(Records drawn from a dataset)
▬▬▬▬▬▬
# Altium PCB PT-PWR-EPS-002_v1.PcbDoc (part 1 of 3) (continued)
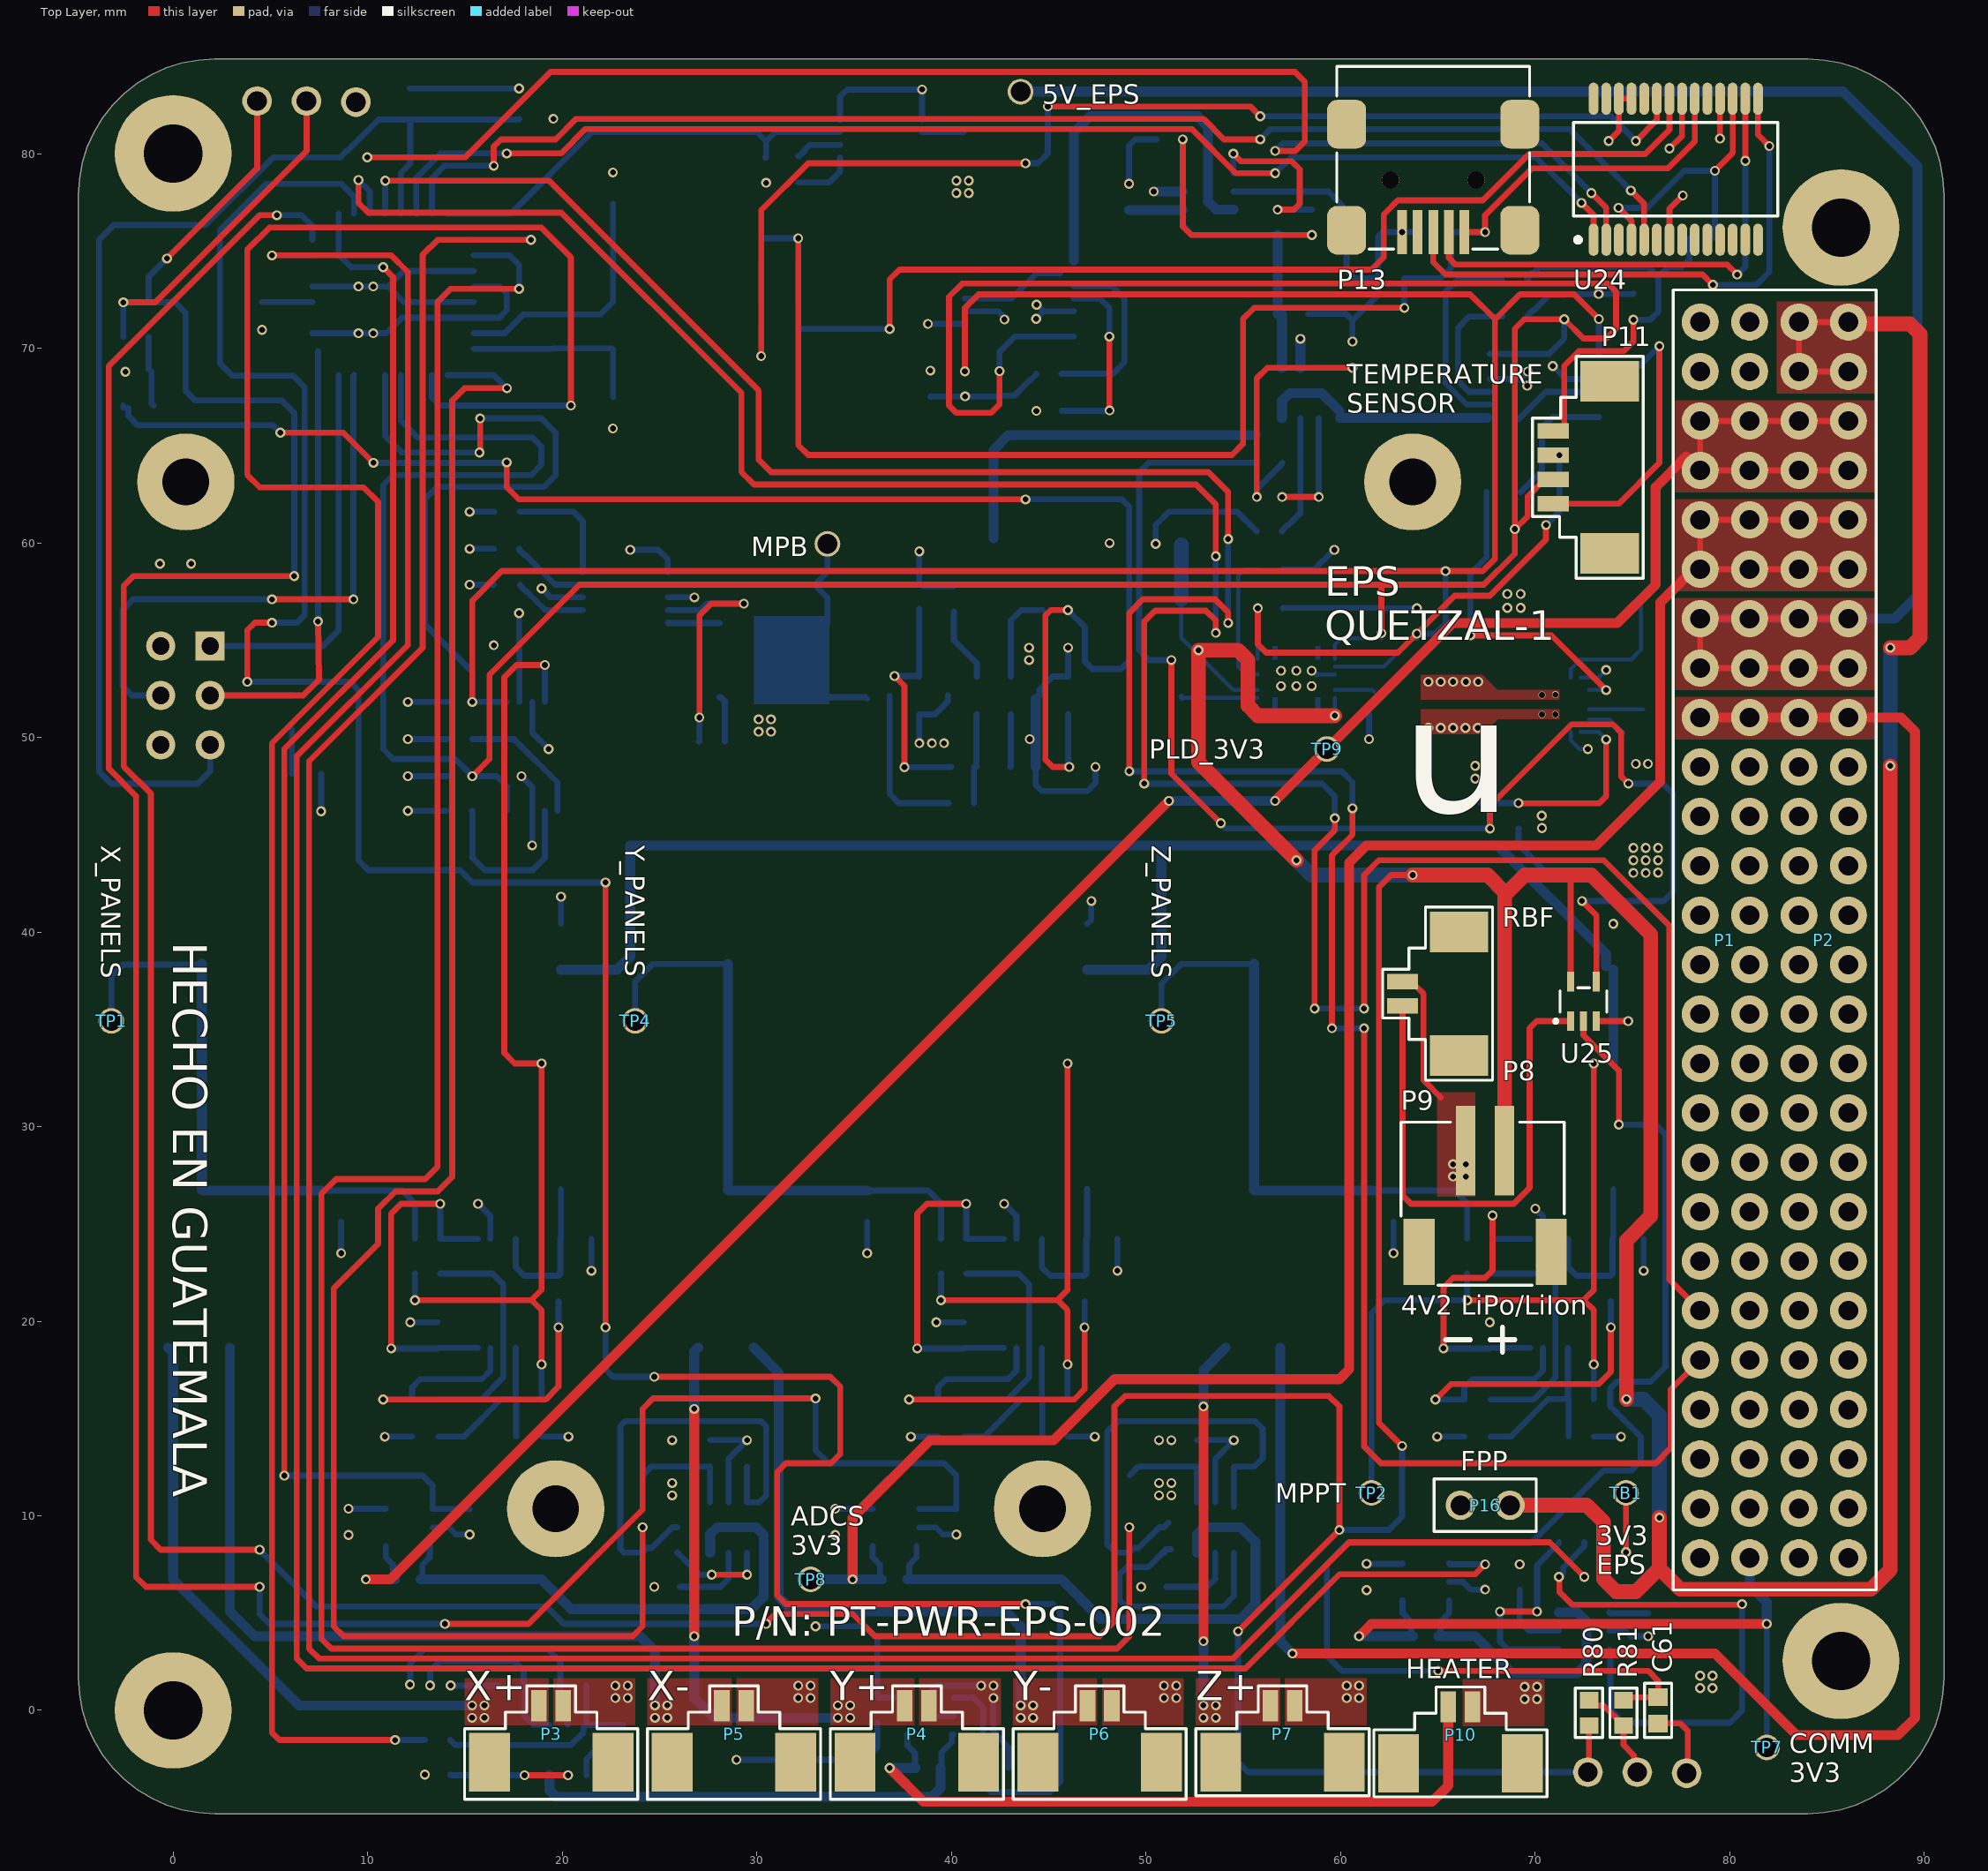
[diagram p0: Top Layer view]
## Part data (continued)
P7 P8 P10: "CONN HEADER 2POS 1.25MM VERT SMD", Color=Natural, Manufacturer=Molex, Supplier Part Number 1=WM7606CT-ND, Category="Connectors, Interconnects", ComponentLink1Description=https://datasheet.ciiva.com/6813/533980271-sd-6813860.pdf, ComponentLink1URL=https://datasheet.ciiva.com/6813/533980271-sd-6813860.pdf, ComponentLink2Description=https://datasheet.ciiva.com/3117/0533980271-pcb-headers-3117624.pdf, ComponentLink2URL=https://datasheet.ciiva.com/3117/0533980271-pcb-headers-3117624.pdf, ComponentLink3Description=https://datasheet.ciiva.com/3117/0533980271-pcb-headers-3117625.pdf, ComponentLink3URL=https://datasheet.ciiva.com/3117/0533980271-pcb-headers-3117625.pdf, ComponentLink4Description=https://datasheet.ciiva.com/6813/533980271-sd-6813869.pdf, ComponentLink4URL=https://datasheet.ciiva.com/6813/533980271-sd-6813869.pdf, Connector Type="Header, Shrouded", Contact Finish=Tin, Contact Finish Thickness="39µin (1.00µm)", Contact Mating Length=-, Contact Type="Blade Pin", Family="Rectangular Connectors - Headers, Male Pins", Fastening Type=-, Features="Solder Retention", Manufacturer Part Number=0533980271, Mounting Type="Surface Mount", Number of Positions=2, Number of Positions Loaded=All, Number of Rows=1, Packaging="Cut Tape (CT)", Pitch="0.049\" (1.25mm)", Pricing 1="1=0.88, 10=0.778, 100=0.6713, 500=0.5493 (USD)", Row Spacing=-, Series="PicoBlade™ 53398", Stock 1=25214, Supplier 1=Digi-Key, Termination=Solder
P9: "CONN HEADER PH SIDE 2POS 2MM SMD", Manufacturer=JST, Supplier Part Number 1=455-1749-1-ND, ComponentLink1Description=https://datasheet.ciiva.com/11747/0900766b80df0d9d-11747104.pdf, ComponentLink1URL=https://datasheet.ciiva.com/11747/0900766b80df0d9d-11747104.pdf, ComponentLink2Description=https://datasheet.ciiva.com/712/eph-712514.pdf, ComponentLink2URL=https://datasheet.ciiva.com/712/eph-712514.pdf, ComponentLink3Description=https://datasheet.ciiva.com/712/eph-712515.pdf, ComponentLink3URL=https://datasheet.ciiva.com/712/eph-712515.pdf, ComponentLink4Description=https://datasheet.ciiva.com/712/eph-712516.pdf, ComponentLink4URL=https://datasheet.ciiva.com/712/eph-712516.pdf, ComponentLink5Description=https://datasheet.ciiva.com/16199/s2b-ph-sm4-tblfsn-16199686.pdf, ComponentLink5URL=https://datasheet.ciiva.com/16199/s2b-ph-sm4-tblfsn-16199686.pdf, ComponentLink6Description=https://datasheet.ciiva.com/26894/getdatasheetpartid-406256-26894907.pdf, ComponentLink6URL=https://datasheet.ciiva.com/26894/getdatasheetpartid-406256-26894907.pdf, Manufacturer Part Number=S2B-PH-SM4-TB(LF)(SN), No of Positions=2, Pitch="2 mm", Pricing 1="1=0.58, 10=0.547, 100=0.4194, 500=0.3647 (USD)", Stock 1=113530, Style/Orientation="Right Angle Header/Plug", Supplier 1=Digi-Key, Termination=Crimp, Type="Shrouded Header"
▬▬▬▬▬▬
* _Task description_
Exclude the images, then output the data above word for word.

* _Answer box_
# Altium PCB PT-PWR-EPS-002_v1.PcbDoc (part 1 of 3) (continued)
[diagram p0: Top Layer view]
## Part data (continued)
P7 P8 P10: "CONN HEADER 2POS 1.25MM VERT SMD", Color=Natural, Manufacturer=Molex, Supplier Part Number 1=WM7606CT-ND, Category="Connectors, Interconnects", ComponentLink1Description=https://datasheet.ciiva.com/6813/533980271-sd-6813860.pdf, ComponentLink1URL=https://datasheet.ciiva.com/6813/533980271-sd-6813860.pdf, ComponentLink2Description=https://datasheet.ciiva.com/3117/0533980271-pcb-headers-3117624.pdf, ComponentLink2URL=https://datasheet.ciiva.com/3117/0533980271-pcb-headers-3117624.pdf, ComponentLink3Description=https://datasheet.ciiva.com/3117/0533980271-pcb-headers-3117625.pdf, ComponentLink3URL=https://datasheet.ciiva.com/3117/0533980271-pcb-headers-3117625.pdf, ComponentLink4Description=https://datasheet.ciiva.com/6813/533980271-sd-6813869.pdf, ComponentLink4URL=https://datasheet.ciiva.com/6813/533980271-sd-6813869.pdf, Connector Type="Header, Shrouded", Contact Finish=Tin, Contact Finish Thickness="39µin (1.00µm)", Contact Mating Length=-, Contact Type="Blade Pin", Family="Rectangular Connectors - Headers, Male Pins", Fastening Type=-, Features="Solder Retention", Manufacturer Part Number=0533980271, Mounting Type="Surface Mount", Number of Positions=2, Number of Positions Loaded=All, Number of Rows=1, Packaging="Cut Tape (CT)", Pitch="0.049\" (1.25mm)", Pricing 1="1=0.88, 10=0.778, 100=0.6713, 500=0.5493 (USD)", Row Spacing=-, Series="PicoBlade™ 53398", Stock 1=25214, Supplier 1=Digi-Key, Termination=Solder
P9: "CONN HEADER PH SIDE 2POS 2MM SMD", Manufacturer=JST, Supplier Part Number 1=455-1749-1-ND, ComponentLink1Description=https://datasheet.ciiva.com/11747/0900766b80df0d9d-11747104.pdf, ComponentLink1URL=https://datasheet.ciiva.com/11747/0900766b80df0d9d-11747104.pdf, ComponentLink2Description=https://datasheet.ciiva.com/712/eph-712514.pdf, ComponentLink2URL=https://datasheet.ciiva.com/712/eph-712514.pdf, ComponentLink3Description=https://datasheet.ciiva.com/712/eph-712515.pdf, ComponentLink3URL=https://datasheet.ciiva.com/712/eph-712515.pdf, ComponentLink4Description=https://datasheet.ciiva.com/712/eph-712516.pdf, ComponentLink4URL=https://datasheet.ciiva.com/712/eph-712516.pdf, ComponentLink5Description=https://datasheet.ciiva.com/16199/s2b-ph-sm4-tblfsn-16199686.pdf, ComponentLink5URL=https://datasheet.ciiva.com/16199/s2b-ph-sm4-tblfsn-16199686.pdf, ComponentLink6Description=https://datasheet.ciiva.com/26894/getdatasheetpartid-406256-26894907.pdf, ComponentLink6URL=https://datasheet.ciiva.com/26894/getdatasheetpartid-406256-26894907.pdf, Manufacturer Part Number=S2B-PH-SM4-TB(LF)(SN), No of Positions=2, Pitch="2 mm", Pricing 1="1=0.58, 10=0.547, 100=0.4194, 500=0.3647 (USD)", Stock 1=113530, Style/Orientation="Right Angle Header/Plug", Supplier 1=Digi-Key, Termination=Crimp, Type="Shrouded Header"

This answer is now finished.